Exkurs zum Tegernseer Tal: Manifestation des touristischen Bösen?
Für viele Bewohnerinnen und Bewohner des Schliersees, wie auch in den Nachbargemeinden, ist der größere Nachbar im Westen die Manifestation des touristischen Bösen. So will man nicht sein. Das hört man allenthalben, wenn man Gmund nach Osten verlässt. Tegernsee – Lago di Bonzo. Diese vielen Touristen, Hotelbauten. Der Verkehr. Grauslig! Am Schliersee will man’s noch bodenständig haben. Kein Bussi Bussi oder Champagnerpartys, mehr Tretboot und Bluna. Der Konflikt liegt, fragt man Historiker, Jahrhunderte zurück: Dort das Kloster Tegernsee, hier die Grafschaft Hohenwaldeck.
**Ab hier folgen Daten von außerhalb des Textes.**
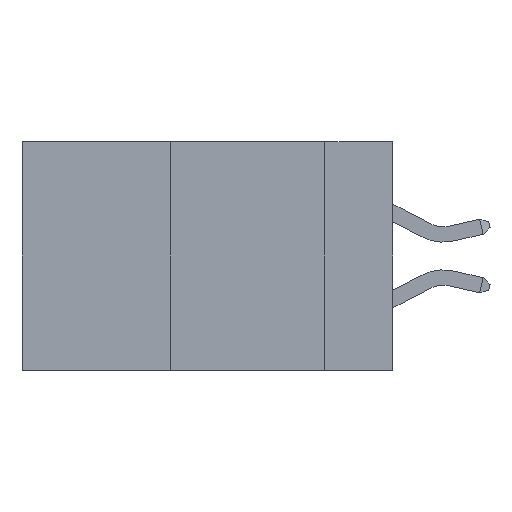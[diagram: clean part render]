
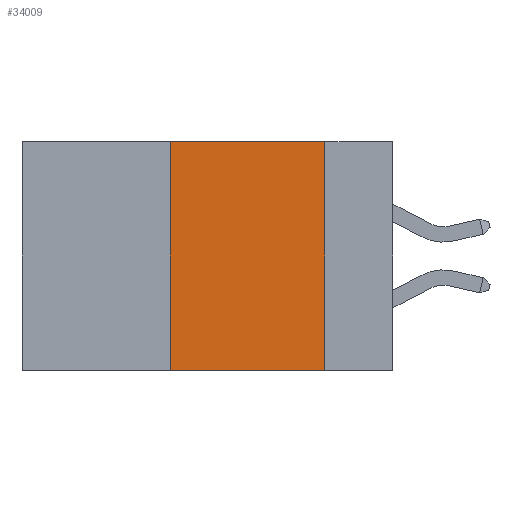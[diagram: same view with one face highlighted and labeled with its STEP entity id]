
A CAD part, left-side view. The second image highlights one B-rep face of the part: STEP entity #34009.
In plain terms, the highlighted planar face has unit normal (-1, 0, 0).
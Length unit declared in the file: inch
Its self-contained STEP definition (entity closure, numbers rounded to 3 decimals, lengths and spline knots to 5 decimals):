
#895 = LINE ( 'NONE', #25474, #7097 ) ;
#2091 = EDGE_CURVE ( 'NONE', #15182, #13313, #895, .T. ) ;
#2299 = ORIENTED_EDGE ( 'NONE', *, *, #2818, .T. ) ;
#2818 = EDGE_CURVE ( 'NONE', #32561, #12851, #7558, .T. ) ;
#3257 = CARTESIAN_POINT ( 'NONE',  ( 0., 0.11, 0. ) ) ;
#3470 = VECTOR ( 'NONE', #11557, 39.37008 ) ;
#3515 = CARTESIAN_POINT ( 'NONE',  ( 0., 0.11, 0. ) ) ;
#7097 = VECTOR ( 'NONE', #14075, 39.37008 ) ;
#7117 = CARTESIAN_POINT ( 'NONE',  ( 0., 0.6, -0.37 ) ) ;
#7558 = LINE ( 'NONE', #7117, #12576 ) ;
#7674 = CARTESIAN_POINT ( 'NONE',  ( 0., 0.36, 0. ) ) ;
#8069 = EDGE_CURVE ( 'NONE', #13313, #12851, #32300, .T. ) ;
#8322 = CARTESIAN_POINT ( 'NONE',  ( 0., 0.6, 0. ) ) ;
#10104 = VECTOR ( 'NONE', #21468, 39.37008 ) ;
#10997 = EDGE_LOOP ( 'NONE', ( #24809, #24005, #18766, #2299 ) ) ;
#11557 = DIRECTION ( 'NONE',  ( 0., 0., -1. ) ) ;
#12576 = VECTOR ( 'NONE', #17875, 39.37008 ) ;
#12851 = VERTEX_POINT ( 'NONE', #33251 ) ;
#13313 = VERTEX_POINT ( 'NONE', #3257 ) ;
#14075 = DIRECTION ( 'NONE',  ( 0., -1., 0. ) ) ;
#15182 = VERTEX_POINT ( 'NONE', #33234 ) ;
#15835 = PLANE ( 'NONE',  #28894 ) ;
#16753 = DIRECTION ( 'NONE',  ( 1., 0., 0. ) ) ;
#17875 = DIRECTION ( 'NONE',  ( 0., -1., 0. ) ) ;
#18766 = ORIENTED_EDGE ( 'NONE', *, *, #27866, .F. ) ;
#19660 = FACE_OUTER_BOUND ( 'NONE', #10997, .T. ) ;
#21468 = DIRECTION ( 'NONE',  ( 0., 0., 1. ) ) ;
#21767 = DIRECTION ( 'NONE',  ( 0., 0., -1. ) ) ;
#23964 = CARTESIAN_POINT ( 'NONE',  ( 0., 0.36, -0.37 ) ) ;
#24005 = ORIENTED_EDGE ( 'NONE', *, *, #2091, .F. ) ;
#24809 = ORIENTED_EDGE ( 'NONE', *, *, #8069, .F. ) ;
#25474 = CARTESIAN_POINT ( 'NONE',  ( 0., 0.6, 0. ) ) ;
#27866 = EDGE_CURVE ( 'NONE', #32561, #15182, #30197, .T. ) ;
#28894 = AXIS2_PLACEMENT_3D ( 'NONE', #8322, #16753, #21767 ) ;
#30197 = LINE ( 'NONE', #7674, #10104 ) ;
#32300 = LINE ( 'NONE', #3515, #3470 ) ;
#32561 = VERTEX_POINT ( 'NONE', #23964 ) ;
#33234 = CARTESIAN_POINT ( 'NONE',  ( 0., 0.36, 0. ) ) ;
#33251 = CARTESIAN_POINT ( 'NONE',  ( 0., 0.11, -0.37 ) ) ;
#34009 = ADVANCED_FACE ( 'NONE', ( #19660 ), #15835, .F. ) ;

Das Bild der Naturtourismus-Zone mit Liebe zur Heimat bekommt Risse, wenn man stolz von den Übernachtungszahlen am Schliersee spricht. Da liege der Ort gerade hinter Spitzenreiter Bad Wiessee, sagt de Alwis. Aber etwas leiser wird dann ergänzt, dass man die Betten auf dem örtlichen Campingplatz mitrechne. Am Schliersee scheut man die notwendigen Schritte in die Zukunft, so ist der Eindruck vieler. Kann doch alles so bleiben. Drüben im Tegernseer Tal mögen sie vor den Investoren buckeln. Wir sind Gerhard-Polt-Land. Hier am Schliersee steht man aufrecht (und fährt als Handwerker auch gern mal zum Nachbarn und kassiert die dortigen Preise).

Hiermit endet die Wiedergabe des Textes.